_PROBLEM TO SOLVE_: Here is the listing. Report each line in it that contains the string "note".
[Opening DATA SECTION section]
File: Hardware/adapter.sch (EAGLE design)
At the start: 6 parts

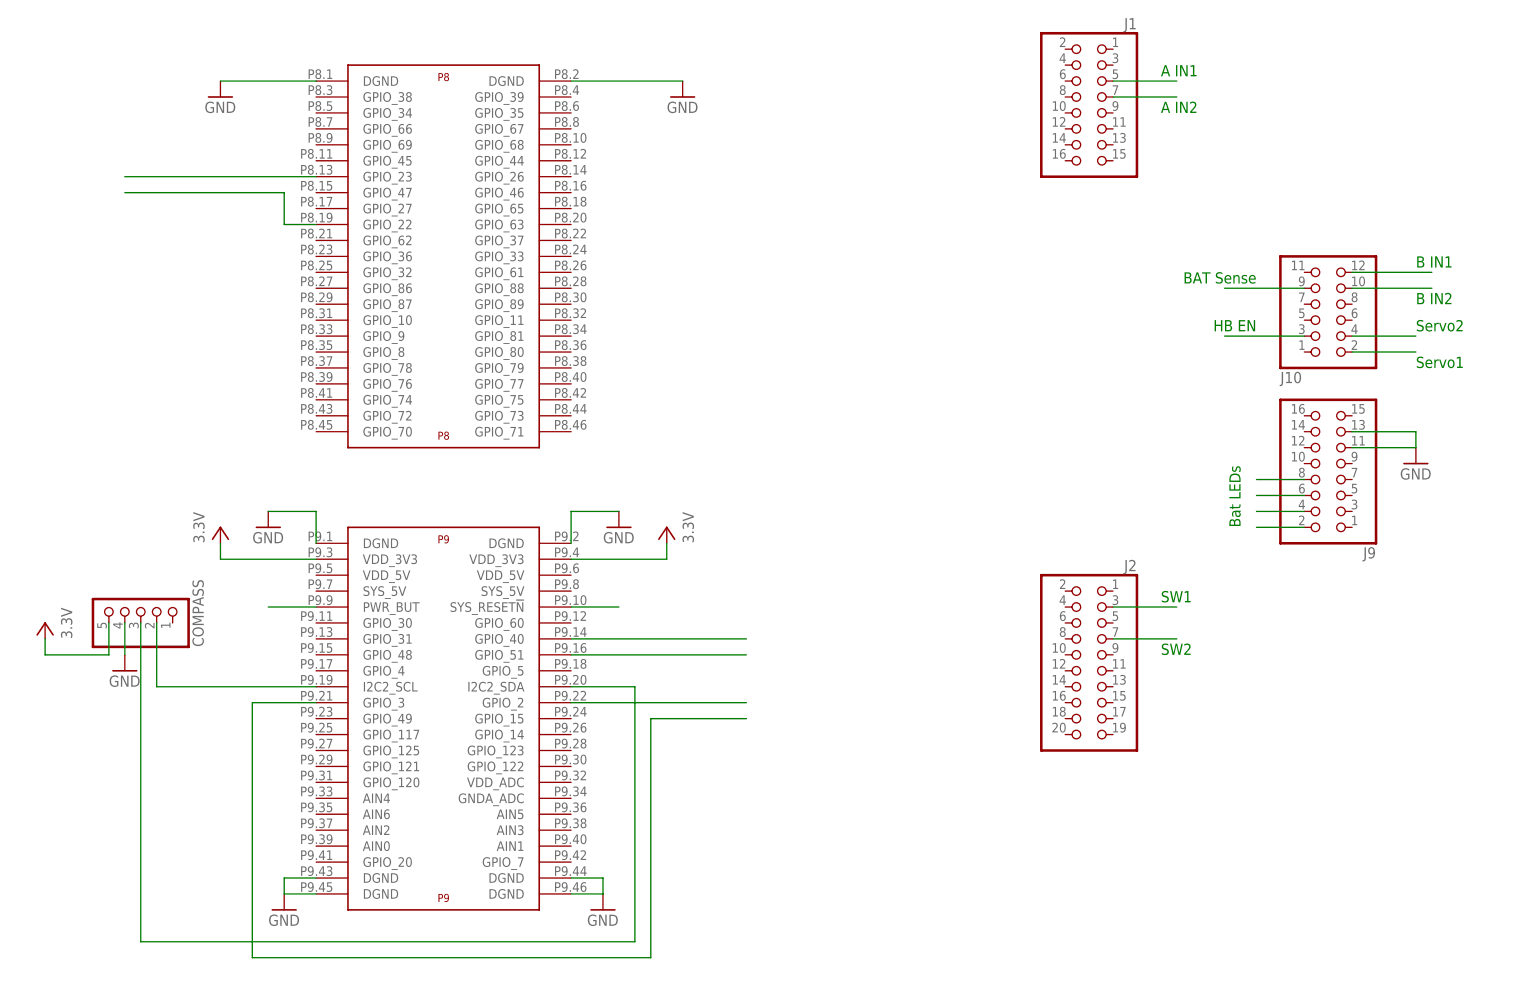
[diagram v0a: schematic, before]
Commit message: Added GPIO connections for switches and LEDs. Updated routing.
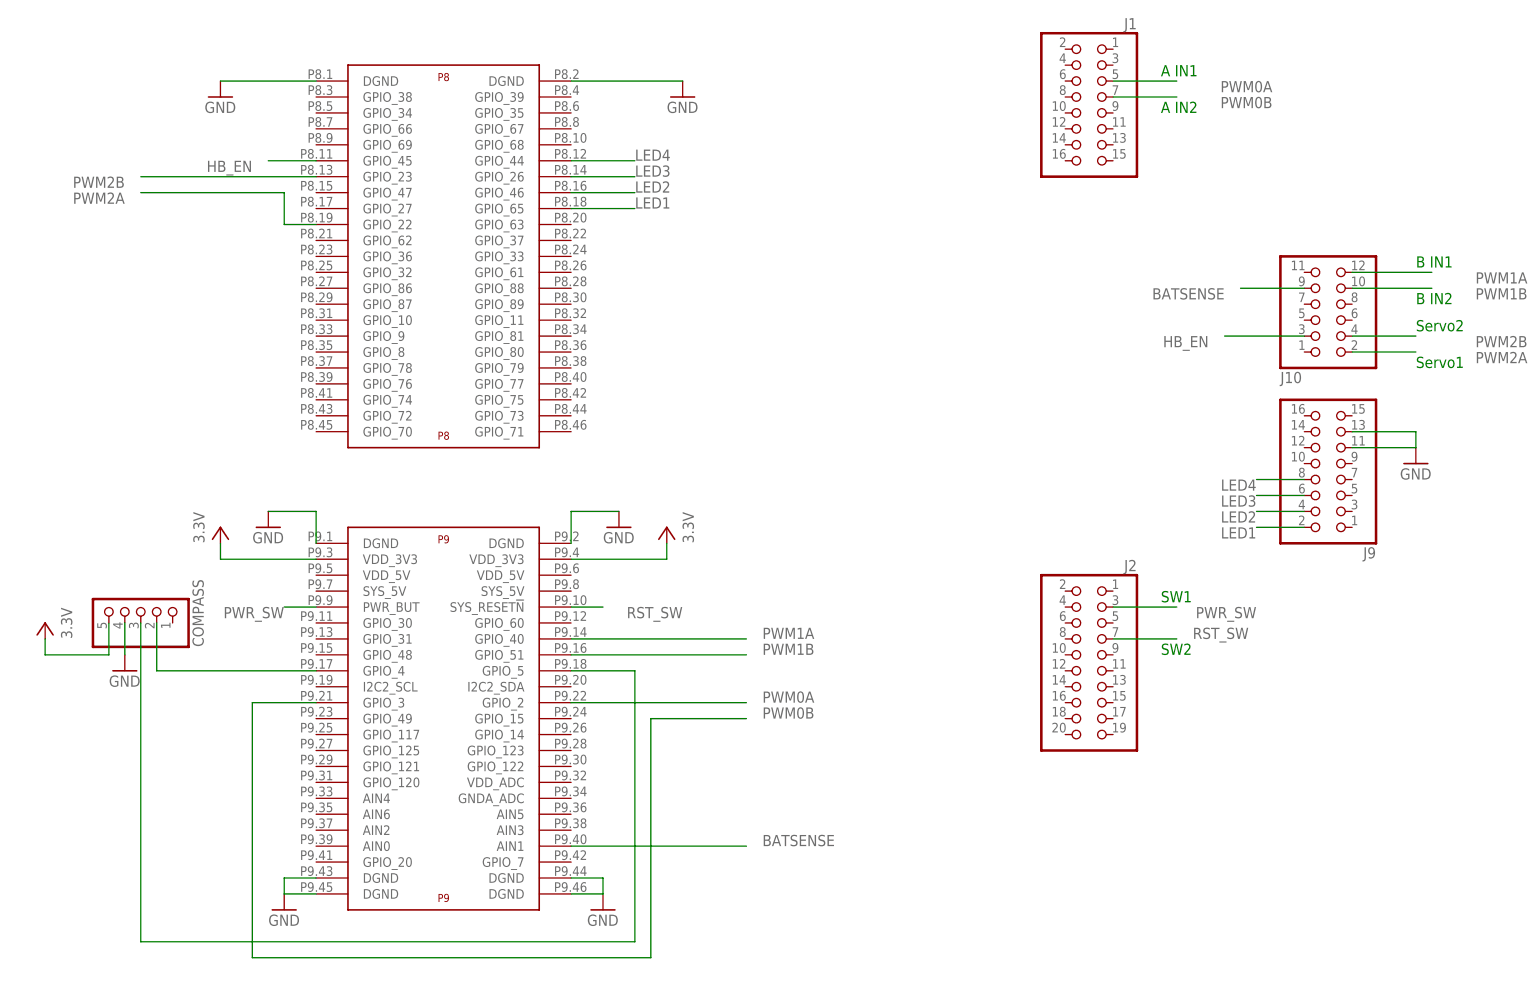
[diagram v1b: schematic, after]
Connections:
- removed net N$1: COMPASS.2, U$1P9.I2C2_SCL
- removed net N$2: COMPASS.3, U$1P9.I2C2_SDA
- removed net N$3: J10.9
- removed net N$4: J10.3
- removed net N$5: J9.2
- removed net N$6: J9.4
- removed net N$7: J9.6
- removed net N$8: J9.8
- new net BATSENSE: J10.9, U$1P9.AIN1
- new net HB_EN: J10.3, U$1P8.GPIO_45
- new net I2C1_SCL: COMPASS.2, U$1P9.GPIO_4
- new net I2C1_SDA: COMPASS.3, U$1P9.GPIO_5
- new net LED1: J9.2, U$1P8.GPIO_65
- new net LED2: J9.4, U$1P8.GPIO_46
- new net LED3: J9.6, U$1P8.GPIO_26
- new net LED4: J9.8, U$1P8.GPIO_44
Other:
- note removed: "BAT Sense"
- note removed: "Bat LEDs"
- note removed: "HB EN"
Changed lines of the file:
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@@
 <text x="132.08" y="40.64" size="1.778" layer="91" rot="MR180">SW1</text>
 <text x="132.08" y="30.48" size="1.778" layer="91">SW2</text>
-<text x="147.32" y="91.44" size="1.778" layer="91" rot="R180">BAT Sense</text>
-<text x="147.32" y="83.82" size="1.778" layer="91" rot="R180">HB EN</text>
-<text x="144.78" y="50.8" size="1.778" layer="91" rot="R90">Bat LEDs</text>
 </plain>
 <instances>
@@
 </segment>
 </net>
-<net name="N$1" class="0">
-<segment>
-<pinref part="U$1" gate="P9" pin="I2C2_SCL"/>
-<wire x1="-2.54" y1="25.4" x2="-27.94" y2="25.4" width="0.1524" layer="91"/>
+<net name="I2C1_SCL" class="0">
+<segment>
 <pinref part="COMPASS" gate="A" pin="2"/>
-<wire x1="-27.94" y1="25.4" x2="-27.94" y2="35.56" width="0.1524" layer="91"/>
-</segment>
-</net>
-<net name="N$2" class="0">
-<segment>
-<wire x1="48.26" y1="-15.24" x2="48.26" y2="25.4" width="0.1524" layer="91"/>
-<pinref part="U$1" gate="P9" pin="I2C2_SDA"/>
-<wire x1="48.26" y1="25.4" x2="38.1" y2="25.4" width="0.1524" layer="91"/>
-<pinref part="COMPASS" gate="A" pin="3"/>
-<wire x1="48.26" y1="-15.24" x2="-30.48" y2="-15.24" width="0.1524" layer="91"/>
-<wire x1="-30.48" y1="-15.24" x2="-30.48" y2="35.56" width="0.1524" layer="91"/>
+<wire x1="-27.94" y1="27.94" x2="-27.94" y2="35.56" width="0.1524" layer="91"/>
+<pinref part="U$1" gate="P9" pin="GPIO_4"/>
+<wire x1="-27.94" y1="27.94" x2="-2.54" y2="27.94" width="0.1524" layer="91"/>
 </segment>
 </net>
@@
 <pinref part="U$1" gate="P9" pin="GPIO_40"/>
 <wire x1="38.1" y1="33.02" x2="66.04" y2="33.02" width="0.1524" layer="91"/>
+<label x="68.58" y="33.02" size="1.778" layer="95"/>
 </segment>
 <segment>
 <pinref part="J10" gate="A" pin="12"/>
 <wire x1="162.56" y1="91.44" x2="175.26" y2="91.44" width="0.1524" layer="91"/>
+<label x="190.5" y="91.44" size="1.778" layer="95" rot="R180"/>
 </segment>
 </net>
@@
 <pinref part="U$1" gate="P9" pin="GPIO_51"/>
 <wire x1="38.1" y1="30.48" x2="66.04" y2="30.48" width="0.1524" layer="91"/>
+<label x="68.58" y="30.48" size="1.778" layer="95"/>
 </segment>
 <segment>
 <pinref part="J10" gate="A" pin="10"/>
 <wire x1="162.56" y1="88.9" x2="175.26" y2="88.9" width="0.1524" layer="91"/>
+<label x="190.5" y="88.9" size="1.778" layer="95" rot="R180"/>
 </segment>
 </net>
@@
 <pinref part="U$1" gate="P9" pin="GPIO_2"/>
 <wire x1="38.1" y1="22.86" x2="66.04" y2="22.86" width="0.1524" layer="91"/>
+<label x="68.58" y="22.86" size="1.778" layer="95"/>
 </segment>
 <segment>
 <wire x1="124.46" y1="121.92" x2="134.62" y2="121.92" width="0.1524" layer="91"/>
 <pinref part="J1" gate="A" pin="5"/>
+<label x="149.86" y="121.92" size="1.778" layer="95" rot="R180"/>
 </segment>
 </net>
@@
 <wire x1="50.8" y1="-17.78" x2="50.8" y2="20.32" width="0.1524" layer="91"/>
 <wire x1="50.8" y1="20.32" x2="66.04" y2="20.32" width="0.1524" layer="91"/>
+<label x="68.58" y="20.32" size="1.778" layer="95"/>
 </segment>
 <segment>
 <wire x1="124.46" y1="119.38" x2="134.62" y2="119.38" width="0.1524" layer="91"/>
 <pinref part="J1" gate="A" pin="7"/>
+<label x="149.86" y="119.38" size="1.778" layer="95" rot="R180"/>
 </segment>
 </net>
@@
 <segment>
 <pinref part="U$1" gate="P8" pin="GPIO_23"/>
-<wire x1="-2.54" y1="106.68" x2="-33.02" y2="106.68" width="0.1524" layer="91"/>
+<wire x1="-2.54" y1="106.68" x2="-30.48" y2="106.68" width="0.1524" layer="91"/>
+<label x="-33.02" y="106.68" size="1.778" layer="95" rot="R180"/>
 </segment>
 <segment>
 <pinref part="J10" gate="A" pin="4"/>
 <wire x1="162.56" y1="81.28" x2="172.72" y2="81.28" width="0.1524" layer="91"/>
+<label x="190.5" y="81.28" size="1.778" layer="95" rot="R180"/>
 </segment>
 </net>
@@
 <wire x1="-2.54" y1="99.06" x2="-7.62" y2="99.06" width="0.1524" layer="91"/>
 <wire x1="-7.62" y1="99.06" x2="-7.62" y2="104.14" width="0.1524" layer="91"/>
-<wire x1="-7.62" y1="104.14" x2="-33.02" y2="104.14" width="0.1524" layer="91"/>
+<wire x1="-7.62" y1="104.14" x2="-30.48" y2="104.14" width="0.1524" layer="91"/>
+<label x="-33.02" y="104.14" size="1.778" layer="95" rot="R180"/>
 </segment>
 <segment>
 <pinref part="J10" gate="A" pin="2"/>
 <wire x1="162.56" y1="78.74" x2="172.72" y2="78.74" width="0.1524" layer="91"/>
+<label x="190.5" y="78.74" size="1.778" layer="95" rot="R180"/>
 </segment>
 </net>
@@
 <pinref part="J2" gate="A" pin="3"/>
 <wire x1="124.46" y1="38.1" x2="134.62" y2="38.1" width="0.1524" layer="91"/>
+<label x="147.32" y="38.1" size="1.778" layer="95" rot="R180"/>
 </segment>
 <segment>
 <pinref part="U$1" gate="P9" pin="PWR_BUT"/>
-<wire x1="-2.54" y1="38.1" x2="-10.16" y2="38.1" width="0.1524" layer="91"/>
+<wire x1="-2.54" y1="38.1" x2="-7.62" y2="38.1" width="0.1524" layer="91"/>
+<label x="-7.62" y="38.1" size="1.778" layer="95" rot="R180"/>
 </segment>
 </net>
@@
 <pinref part="J2" gate="A" pin="7"/>
 <wire x1="124.46" y1="33.02" x2="134.62" y2="33.02" width="0.1524" layer="91"/>
+<label x="137.16" y="33.02" size="1.778" layer="95"/>
 </segment>
 <segment>
 <pinref part="U$1" gate="P9" pin="SYS_RESET!N"/>
-<wire x1="38.1" y1="38.1" x2="45.72" y2="38.1" width="0.1524" layer="91"/>
-</segment>
-</net>
-<net name="N$3" class="0">
+<wire x1="38.1" y1="38.1" x2="43.18" y2="38.1" width="0.1524" layer="91"/>
+<label x="55.88" y="38.1" size="1.778" layer="95" rot="R180"/>
+</segment>
+</net>
+<net name="BATSENSE" class="0">
 <segment>
 <pinref part="J10" gate="A" pin="9"/>
-<wire x1="154.94" y1="88.9" x2="142.24" y2="88.9" width="0.1524" layer="91"/>
-</segment>
-</net>
-<net name="N$4" class="0">
+<wire x1="154.94" y1="88.9" x2="144.78" y2="88.9" width="0.1524" layer="91"/>
+<label x="142.24" y="88.9" size="1.778" layer="95" rot="R180"/>
+</segment>
+<segment>
+<pinref part="U$1" gate="P9" pin="AIN1"/>
+<wire x1="38.1" y1="0" x2="66.04" y2="0" width="0.1524" layer="91"/>
+<label x="68.58" y="0" size="1.778" layer="95"/>
+</segment>
+</net>
+<net name="HB_EN" class="0">
 <segment>
 <pinref part="J10" gate="A" pin="3"/>
 <wire x1="154.94" y1="81.28" x2="142.24" y2="81.28" width="0.1524" layer="91"/>
-</segment>
-</net>
-<net name="N$5" class="0">
+<label x="139.7" y="81.28" size="1.778" layer="95" rot="R180"/>
+</segment>
+<segment>
+<pinref part="U$1" gate="P8" pin="GPIO_45"/>
+<wire x1="-2.54" y1="109.22" x2="-10.16" y2="109.22" width="0.1524" layer="91"/>
+<label x="-12.7" y="109.22" size="1.778" layer="95" rot="R180"/>
+</segment>
+</net>
+<net name="I2C1_SDA" class="0">
+<segment>
+<pinref part="COMPASS" gate="A" pin="3"/>
+<wire x1="-30.48" y1="35.56" x2="-30.48" y2="-15.24" width="0.1524" layer="91"/>
+<wire x1="-30.48" y1="-15.24" x2="48.26" y2="-15.24" width="0.1524" layer="91"/>
+<wire x1="48.26" y1="-15.24" x2="48.26" y2="27.94" width="0.1524" layer="91"/>
+<pinref part="U$1" gate="P9" pin="GPIO_5"/>
+<wire x1="48.26" y1="27.94" x2="38.1" y2="27.94" width="0.1524" layer="91"/>
+</segment>
+</net>
+<net name="LED1" class="0">
 <segment>
 <wire x1="154.94" y1="50.8" x2="147.32" y2="50.8" width="0.1524" layer="91"/>
 <pinref part="J9" gate="A" pin="2"/>
-</segment>
-</net>
-<net name="N$6" class="0">
+<label x="147.32" y="50.8" size="1.778" layer="95" rot="R180"/>
+</segment>
+<segment>
+<pinref part="U$1" gate="P8" pin="GPIO_65"/>
+<wire x1="38.1" y1="101.6" x2="48.26" y2="101.6" width="0.1524" layer="91"/>
+<label x="48.26" y="101.6" size="1.778" layer="95"/>
+</segment>
+</net>
+<net name="LED2" class="0">
 <segment>
 <wire x1="154.94" y1="53.34" x2="147.32" y2="53.34" width="0.1524" layer="91"/>
 <pinref part="J9" gate="A" pin="4"/>
-</segment>
-</net>
-<net name="N$7" class="0">
+<label x="147.32" y="53.34" size="1.778" layer="95" rot="R180"/>
+</segment>
+<segment>
+<pinref part="U$1" gate="P8" pin="GPIO_46"/>
+<wire x1="38.1" y1="104.14" x2="48.26" y2="104.14" width="0.1524" layer="91"/>
+<label x="48.26" y="104.14" size="1.778" layer="95"/>
+</segment>
+</net>
+<net name="LED3" class="0">
 <segment>
 <wire x1="154.94" y1="55.88" x2="147.32" y2="55.88" width="0.1524" layer="91"/>
 <pinref part="J9" gate="A" pin="6"/>
-</segment>
-</net>
-<net name="N$8" class="0">
+<label x="147.32" y="55.88" size="1.778" layer="95" rot="R180"/>
+</segment>
+<segment>
+<pinref part="U$1" gate="P8" pin="GPIO_26"/>
+<wire x1="38.1" y1="106.68" x2="48.26" y2="106.68" width="0.1524" layer="91"/>
+<label x="48.26" y="106.68" size="1.778" layer="95"/>
+</segment>
+</net>
+<net name="LED4" class="0">
 <segment>
 <wire x1="154.94" y1="58.42" x2="147.32" y2="58.42" width="0.1524" layer="91"/>
 <pinref part="J9" gate="A" pin="8"/>
-</segment>
-</net>
+<label x="147.32" y="58.42" size="1.778" layer="95" rot="R180"/>
+</segment>
+<segment>
+<pinref part="U$1" gate="P8" pin="GPIO_44"/>
+<wire x1="38.1" y1="109.22" x2="48.26" y2="109.22" width="0.1524" layer="91"/>
+<label x="48.26" y="109.22" size="1.778" layer="95"/>
+</segment>
+</net>
[Closing DATA SECTION section]
_RESULT OF THIS EXERCISE_:
- note removed: "BAT Sense"
- note removed: "Bat LEDs"
- note removed: "HB EN"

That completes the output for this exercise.